Entries follow. Return each line that contains the word "Inventor".
=== Data to examine ===
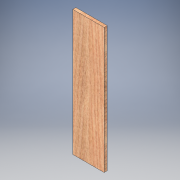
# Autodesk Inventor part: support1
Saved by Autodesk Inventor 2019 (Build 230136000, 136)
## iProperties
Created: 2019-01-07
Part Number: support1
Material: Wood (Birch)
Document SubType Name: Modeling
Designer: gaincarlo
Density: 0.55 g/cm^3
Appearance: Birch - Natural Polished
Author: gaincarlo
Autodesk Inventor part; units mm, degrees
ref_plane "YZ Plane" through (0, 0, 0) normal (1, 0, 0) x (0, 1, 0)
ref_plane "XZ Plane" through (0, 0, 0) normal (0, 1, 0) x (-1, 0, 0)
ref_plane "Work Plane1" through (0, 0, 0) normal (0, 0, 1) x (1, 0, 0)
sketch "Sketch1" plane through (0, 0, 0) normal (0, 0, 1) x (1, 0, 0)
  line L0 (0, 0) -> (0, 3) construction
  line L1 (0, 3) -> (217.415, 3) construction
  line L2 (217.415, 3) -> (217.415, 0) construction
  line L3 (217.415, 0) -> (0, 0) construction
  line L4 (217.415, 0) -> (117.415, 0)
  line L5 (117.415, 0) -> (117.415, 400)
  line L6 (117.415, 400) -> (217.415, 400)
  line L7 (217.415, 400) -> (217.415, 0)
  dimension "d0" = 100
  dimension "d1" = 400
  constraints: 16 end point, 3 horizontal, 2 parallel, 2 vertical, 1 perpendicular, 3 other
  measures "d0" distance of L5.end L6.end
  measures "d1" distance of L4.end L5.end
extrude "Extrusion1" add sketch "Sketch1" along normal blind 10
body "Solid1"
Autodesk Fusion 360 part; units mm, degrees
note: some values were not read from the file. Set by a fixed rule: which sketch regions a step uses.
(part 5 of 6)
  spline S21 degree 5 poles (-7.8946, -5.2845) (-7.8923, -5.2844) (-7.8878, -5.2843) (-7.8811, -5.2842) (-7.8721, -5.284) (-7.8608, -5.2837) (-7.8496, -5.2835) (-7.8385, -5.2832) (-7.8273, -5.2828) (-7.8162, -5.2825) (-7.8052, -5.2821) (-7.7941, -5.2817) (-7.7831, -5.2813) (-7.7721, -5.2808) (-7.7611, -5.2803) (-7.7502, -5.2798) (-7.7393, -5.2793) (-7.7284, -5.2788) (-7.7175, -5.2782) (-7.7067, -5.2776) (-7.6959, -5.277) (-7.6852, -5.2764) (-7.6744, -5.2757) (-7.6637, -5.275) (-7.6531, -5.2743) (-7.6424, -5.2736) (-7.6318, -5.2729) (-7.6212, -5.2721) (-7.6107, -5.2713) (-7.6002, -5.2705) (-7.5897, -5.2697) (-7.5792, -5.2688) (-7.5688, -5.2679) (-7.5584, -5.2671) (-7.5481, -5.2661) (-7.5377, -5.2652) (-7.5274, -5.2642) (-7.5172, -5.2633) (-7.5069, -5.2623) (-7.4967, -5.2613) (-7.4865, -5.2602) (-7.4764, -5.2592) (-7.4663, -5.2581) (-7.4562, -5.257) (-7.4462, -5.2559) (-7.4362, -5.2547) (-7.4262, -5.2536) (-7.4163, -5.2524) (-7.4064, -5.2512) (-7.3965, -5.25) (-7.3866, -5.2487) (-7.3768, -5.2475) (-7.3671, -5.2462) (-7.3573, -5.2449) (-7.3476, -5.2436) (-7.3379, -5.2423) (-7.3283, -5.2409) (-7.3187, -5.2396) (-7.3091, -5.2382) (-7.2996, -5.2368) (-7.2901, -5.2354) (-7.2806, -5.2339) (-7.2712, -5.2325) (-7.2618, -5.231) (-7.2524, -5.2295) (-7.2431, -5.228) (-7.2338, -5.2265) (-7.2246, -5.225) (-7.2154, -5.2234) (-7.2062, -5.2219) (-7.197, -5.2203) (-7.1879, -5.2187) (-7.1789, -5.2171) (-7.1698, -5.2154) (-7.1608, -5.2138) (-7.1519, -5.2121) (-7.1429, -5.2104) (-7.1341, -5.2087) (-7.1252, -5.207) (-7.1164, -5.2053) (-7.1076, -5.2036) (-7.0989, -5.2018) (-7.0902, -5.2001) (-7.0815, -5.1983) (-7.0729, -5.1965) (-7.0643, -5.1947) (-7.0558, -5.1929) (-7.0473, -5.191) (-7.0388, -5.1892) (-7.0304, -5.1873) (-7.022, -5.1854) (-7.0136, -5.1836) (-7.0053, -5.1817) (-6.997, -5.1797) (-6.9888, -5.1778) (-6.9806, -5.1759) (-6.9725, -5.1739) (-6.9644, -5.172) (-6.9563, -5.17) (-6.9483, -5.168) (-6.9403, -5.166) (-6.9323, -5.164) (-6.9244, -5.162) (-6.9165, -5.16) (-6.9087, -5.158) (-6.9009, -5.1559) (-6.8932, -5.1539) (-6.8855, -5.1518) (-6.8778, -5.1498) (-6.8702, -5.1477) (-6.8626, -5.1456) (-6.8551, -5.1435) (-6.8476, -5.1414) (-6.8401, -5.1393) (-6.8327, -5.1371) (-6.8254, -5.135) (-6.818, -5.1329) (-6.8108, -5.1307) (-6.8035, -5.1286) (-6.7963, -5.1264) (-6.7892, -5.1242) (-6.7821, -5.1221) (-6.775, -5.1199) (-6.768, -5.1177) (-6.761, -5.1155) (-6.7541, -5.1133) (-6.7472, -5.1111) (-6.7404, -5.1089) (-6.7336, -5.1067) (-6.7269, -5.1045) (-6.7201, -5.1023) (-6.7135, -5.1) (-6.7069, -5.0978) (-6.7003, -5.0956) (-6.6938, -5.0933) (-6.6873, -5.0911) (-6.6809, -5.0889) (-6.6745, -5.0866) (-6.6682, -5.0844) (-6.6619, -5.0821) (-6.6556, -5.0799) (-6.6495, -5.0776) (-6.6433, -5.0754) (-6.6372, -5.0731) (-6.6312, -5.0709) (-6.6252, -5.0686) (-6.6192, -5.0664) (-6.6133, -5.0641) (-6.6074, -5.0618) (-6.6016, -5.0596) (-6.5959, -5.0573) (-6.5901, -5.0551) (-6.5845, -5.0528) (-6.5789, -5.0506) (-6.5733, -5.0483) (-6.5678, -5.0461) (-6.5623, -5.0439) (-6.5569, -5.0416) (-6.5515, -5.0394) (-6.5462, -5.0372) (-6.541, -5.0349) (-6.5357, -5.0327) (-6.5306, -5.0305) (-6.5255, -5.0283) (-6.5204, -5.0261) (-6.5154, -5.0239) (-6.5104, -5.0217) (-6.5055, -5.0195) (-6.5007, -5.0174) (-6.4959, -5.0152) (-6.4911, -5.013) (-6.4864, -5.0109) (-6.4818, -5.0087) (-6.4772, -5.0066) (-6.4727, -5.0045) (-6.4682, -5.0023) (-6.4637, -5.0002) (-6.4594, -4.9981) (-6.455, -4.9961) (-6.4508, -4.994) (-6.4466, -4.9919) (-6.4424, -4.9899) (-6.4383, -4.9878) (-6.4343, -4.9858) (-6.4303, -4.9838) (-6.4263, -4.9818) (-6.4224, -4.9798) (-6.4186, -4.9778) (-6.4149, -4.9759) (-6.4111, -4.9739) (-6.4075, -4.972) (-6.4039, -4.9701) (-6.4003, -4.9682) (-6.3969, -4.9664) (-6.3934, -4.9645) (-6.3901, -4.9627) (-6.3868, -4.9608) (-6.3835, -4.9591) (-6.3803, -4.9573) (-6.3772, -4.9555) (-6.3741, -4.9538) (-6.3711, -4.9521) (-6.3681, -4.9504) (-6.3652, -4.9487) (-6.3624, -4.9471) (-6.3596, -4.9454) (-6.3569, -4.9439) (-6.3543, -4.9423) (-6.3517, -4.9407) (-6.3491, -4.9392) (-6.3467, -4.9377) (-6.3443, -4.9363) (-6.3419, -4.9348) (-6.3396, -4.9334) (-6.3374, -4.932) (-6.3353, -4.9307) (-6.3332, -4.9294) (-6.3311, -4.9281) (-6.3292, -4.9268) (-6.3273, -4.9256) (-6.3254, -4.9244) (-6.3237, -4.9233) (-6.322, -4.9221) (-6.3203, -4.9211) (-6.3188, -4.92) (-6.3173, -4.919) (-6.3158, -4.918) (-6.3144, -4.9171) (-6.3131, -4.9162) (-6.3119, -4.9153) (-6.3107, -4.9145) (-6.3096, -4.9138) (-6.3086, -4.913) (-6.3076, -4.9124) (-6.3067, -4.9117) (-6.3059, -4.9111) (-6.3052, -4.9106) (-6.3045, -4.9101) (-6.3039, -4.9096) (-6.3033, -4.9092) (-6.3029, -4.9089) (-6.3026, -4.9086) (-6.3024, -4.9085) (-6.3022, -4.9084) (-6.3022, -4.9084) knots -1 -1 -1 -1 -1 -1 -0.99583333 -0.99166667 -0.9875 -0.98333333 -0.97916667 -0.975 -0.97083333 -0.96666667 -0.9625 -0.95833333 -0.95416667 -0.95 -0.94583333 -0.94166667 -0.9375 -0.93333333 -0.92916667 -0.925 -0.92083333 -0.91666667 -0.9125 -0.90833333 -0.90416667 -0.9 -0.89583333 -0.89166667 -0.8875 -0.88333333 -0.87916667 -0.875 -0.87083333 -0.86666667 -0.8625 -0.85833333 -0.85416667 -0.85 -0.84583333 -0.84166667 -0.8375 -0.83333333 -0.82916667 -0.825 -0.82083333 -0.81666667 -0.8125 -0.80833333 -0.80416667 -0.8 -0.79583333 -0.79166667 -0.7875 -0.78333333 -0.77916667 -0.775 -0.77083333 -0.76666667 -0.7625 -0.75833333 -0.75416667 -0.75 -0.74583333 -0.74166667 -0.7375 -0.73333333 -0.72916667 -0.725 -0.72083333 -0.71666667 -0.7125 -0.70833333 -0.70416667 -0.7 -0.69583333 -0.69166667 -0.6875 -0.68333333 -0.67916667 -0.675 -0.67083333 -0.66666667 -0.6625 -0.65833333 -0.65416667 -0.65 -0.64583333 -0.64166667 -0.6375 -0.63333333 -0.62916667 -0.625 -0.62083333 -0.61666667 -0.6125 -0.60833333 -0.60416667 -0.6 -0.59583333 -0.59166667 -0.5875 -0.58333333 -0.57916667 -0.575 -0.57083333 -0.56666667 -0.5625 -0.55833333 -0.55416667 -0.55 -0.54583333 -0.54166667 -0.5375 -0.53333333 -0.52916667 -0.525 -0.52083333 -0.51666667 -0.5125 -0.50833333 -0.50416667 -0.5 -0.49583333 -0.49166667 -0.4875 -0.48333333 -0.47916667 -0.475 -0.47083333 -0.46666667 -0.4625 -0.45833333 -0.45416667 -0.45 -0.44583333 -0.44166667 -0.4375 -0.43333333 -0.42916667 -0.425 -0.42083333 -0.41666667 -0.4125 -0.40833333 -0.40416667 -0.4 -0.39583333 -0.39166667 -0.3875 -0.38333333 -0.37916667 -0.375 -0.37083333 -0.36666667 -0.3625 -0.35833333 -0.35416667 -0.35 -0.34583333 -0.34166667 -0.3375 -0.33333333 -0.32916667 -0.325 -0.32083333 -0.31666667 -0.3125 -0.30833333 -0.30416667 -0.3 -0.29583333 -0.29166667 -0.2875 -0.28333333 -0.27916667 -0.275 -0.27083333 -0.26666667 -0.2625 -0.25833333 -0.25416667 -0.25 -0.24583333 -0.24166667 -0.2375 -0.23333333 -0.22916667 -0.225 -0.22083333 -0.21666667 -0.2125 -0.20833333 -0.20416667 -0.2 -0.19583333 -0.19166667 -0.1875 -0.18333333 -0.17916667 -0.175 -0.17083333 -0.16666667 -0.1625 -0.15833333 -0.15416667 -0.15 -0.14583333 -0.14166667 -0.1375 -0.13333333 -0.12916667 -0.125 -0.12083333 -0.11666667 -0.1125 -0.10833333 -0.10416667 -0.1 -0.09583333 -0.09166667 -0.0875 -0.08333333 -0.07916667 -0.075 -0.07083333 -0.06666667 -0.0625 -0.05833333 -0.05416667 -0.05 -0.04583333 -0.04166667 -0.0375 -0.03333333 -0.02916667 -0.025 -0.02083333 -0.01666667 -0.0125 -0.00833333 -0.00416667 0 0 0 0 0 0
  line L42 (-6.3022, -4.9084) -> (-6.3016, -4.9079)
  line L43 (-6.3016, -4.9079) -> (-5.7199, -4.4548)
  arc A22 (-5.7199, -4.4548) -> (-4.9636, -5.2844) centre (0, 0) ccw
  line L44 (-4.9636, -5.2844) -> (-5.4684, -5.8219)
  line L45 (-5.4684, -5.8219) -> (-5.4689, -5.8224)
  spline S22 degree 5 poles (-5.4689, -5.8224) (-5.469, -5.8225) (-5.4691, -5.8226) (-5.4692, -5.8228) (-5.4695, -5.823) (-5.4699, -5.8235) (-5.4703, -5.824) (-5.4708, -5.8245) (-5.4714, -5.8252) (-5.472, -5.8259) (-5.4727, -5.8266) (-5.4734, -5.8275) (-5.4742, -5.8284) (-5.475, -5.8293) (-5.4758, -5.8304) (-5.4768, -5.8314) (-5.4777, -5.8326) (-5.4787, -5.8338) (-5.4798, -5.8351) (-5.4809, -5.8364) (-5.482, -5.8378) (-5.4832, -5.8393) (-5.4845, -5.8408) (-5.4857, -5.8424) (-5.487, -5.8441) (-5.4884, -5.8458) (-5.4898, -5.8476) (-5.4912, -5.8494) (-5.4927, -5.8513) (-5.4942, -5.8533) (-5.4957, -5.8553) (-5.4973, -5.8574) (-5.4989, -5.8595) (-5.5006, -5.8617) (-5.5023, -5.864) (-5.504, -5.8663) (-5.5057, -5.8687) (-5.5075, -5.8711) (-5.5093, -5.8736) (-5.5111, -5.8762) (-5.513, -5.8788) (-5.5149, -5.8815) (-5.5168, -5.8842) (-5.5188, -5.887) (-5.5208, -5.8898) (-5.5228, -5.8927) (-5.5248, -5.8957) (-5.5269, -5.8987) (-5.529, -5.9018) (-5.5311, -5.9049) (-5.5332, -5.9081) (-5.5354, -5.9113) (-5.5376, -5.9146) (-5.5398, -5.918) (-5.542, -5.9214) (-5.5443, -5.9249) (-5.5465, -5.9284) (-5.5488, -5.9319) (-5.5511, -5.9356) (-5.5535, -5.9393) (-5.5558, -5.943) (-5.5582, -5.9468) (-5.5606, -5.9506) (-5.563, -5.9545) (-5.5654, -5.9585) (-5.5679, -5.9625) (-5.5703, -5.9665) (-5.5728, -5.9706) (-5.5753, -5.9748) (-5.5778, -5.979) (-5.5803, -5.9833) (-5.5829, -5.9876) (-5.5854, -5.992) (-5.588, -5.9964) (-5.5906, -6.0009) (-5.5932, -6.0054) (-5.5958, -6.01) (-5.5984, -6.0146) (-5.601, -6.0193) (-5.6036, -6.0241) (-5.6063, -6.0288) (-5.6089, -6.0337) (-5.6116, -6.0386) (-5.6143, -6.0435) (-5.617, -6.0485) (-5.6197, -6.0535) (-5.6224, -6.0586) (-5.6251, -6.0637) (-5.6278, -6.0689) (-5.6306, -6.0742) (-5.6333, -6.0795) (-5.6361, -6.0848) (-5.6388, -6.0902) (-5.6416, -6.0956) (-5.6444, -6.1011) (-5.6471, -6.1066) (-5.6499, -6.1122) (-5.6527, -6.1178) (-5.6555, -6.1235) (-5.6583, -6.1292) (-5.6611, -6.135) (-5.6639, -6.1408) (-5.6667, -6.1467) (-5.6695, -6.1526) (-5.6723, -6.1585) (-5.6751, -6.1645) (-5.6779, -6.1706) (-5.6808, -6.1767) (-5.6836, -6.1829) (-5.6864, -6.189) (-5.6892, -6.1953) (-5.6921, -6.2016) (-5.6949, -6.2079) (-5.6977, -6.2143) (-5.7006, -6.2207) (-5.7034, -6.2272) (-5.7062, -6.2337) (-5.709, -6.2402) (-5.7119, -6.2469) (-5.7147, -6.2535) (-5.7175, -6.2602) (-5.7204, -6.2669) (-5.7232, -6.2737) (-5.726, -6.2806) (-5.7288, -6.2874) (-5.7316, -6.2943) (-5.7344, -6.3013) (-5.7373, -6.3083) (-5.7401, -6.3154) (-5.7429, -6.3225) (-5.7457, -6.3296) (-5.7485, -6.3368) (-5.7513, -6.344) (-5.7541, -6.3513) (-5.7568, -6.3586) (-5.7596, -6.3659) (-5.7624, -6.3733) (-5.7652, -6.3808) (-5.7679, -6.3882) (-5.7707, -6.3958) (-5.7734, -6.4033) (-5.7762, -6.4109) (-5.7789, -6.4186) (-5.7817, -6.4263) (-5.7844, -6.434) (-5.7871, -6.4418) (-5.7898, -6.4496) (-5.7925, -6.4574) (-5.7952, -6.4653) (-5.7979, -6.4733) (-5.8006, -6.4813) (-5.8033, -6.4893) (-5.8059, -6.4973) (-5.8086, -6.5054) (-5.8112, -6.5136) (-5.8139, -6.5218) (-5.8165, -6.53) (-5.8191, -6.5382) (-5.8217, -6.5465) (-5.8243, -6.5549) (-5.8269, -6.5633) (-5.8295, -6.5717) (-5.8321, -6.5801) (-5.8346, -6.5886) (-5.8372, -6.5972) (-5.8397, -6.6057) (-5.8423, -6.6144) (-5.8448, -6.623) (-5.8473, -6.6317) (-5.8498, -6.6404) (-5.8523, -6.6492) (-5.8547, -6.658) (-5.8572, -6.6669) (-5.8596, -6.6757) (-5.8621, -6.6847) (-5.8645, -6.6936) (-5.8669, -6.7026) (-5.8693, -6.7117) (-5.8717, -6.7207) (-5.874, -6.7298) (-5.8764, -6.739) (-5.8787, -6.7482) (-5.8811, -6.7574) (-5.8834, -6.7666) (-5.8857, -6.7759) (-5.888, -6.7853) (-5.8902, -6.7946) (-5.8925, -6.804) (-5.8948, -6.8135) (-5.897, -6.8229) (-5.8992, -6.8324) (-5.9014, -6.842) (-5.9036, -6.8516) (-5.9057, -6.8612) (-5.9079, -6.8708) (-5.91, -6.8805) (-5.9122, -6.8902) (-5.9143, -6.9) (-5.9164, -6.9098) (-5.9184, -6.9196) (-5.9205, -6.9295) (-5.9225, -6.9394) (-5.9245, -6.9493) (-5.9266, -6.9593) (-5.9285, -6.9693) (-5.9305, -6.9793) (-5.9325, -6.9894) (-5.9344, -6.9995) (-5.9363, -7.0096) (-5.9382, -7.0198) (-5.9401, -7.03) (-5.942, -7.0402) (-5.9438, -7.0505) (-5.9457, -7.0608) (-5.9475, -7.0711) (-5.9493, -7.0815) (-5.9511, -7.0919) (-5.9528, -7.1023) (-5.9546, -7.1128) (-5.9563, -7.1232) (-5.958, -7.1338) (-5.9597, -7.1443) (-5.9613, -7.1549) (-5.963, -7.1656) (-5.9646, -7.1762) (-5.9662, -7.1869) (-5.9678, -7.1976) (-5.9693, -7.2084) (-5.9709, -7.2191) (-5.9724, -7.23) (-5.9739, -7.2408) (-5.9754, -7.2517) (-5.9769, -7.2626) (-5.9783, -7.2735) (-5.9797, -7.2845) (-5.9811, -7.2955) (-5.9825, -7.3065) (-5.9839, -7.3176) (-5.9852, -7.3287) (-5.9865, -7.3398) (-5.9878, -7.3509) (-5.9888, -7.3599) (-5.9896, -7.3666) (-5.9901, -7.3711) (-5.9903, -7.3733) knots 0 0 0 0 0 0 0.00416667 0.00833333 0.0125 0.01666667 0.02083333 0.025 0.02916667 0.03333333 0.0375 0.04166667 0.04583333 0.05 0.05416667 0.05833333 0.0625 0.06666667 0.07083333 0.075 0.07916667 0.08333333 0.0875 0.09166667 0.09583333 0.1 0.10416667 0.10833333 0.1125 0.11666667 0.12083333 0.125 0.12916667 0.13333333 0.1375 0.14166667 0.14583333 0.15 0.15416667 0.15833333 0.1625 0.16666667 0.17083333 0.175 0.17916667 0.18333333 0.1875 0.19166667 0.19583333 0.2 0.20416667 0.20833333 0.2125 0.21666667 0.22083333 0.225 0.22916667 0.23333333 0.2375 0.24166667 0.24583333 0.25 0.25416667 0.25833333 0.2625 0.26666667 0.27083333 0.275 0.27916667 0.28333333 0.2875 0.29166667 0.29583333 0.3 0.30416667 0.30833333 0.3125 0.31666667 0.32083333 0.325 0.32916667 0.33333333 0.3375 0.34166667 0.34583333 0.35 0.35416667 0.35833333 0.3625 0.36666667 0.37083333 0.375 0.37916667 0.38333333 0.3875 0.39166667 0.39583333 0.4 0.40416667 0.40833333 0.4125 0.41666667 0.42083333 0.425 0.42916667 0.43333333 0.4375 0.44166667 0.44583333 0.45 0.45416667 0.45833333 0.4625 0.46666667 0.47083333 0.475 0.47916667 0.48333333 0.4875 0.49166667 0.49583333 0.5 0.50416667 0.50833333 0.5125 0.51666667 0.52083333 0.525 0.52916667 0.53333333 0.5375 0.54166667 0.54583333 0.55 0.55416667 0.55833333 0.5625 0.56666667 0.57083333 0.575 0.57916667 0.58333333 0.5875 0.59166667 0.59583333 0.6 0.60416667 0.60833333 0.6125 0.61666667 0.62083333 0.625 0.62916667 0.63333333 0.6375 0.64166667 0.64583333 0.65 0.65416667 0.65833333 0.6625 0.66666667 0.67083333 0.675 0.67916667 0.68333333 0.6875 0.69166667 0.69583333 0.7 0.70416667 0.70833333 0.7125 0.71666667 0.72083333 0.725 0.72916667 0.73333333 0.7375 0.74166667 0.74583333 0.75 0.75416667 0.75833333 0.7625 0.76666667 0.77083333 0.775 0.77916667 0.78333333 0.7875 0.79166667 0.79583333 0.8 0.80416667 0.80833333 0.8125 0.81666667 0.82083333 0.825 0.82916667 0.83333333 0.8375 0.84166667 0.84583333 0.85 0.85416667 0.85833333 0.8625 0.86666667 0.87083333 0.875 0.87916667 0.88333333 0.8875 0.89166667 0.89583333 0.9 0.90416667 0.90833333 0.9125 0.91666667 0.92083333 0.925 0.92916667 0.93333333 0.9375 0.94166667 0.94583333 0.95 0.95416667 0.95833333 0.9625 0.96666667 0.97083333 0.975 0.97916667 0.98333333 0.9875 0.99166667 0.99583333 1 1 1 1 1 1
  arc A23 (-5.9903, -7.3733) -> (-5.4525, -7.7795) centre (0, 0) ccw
===
> **Expected answer**
# Autodesk Inventor part: support1
Saved by Autodesk Inventor 2019 (Build 230136000, 136)
Autodesk Inventor part; units mm, degrees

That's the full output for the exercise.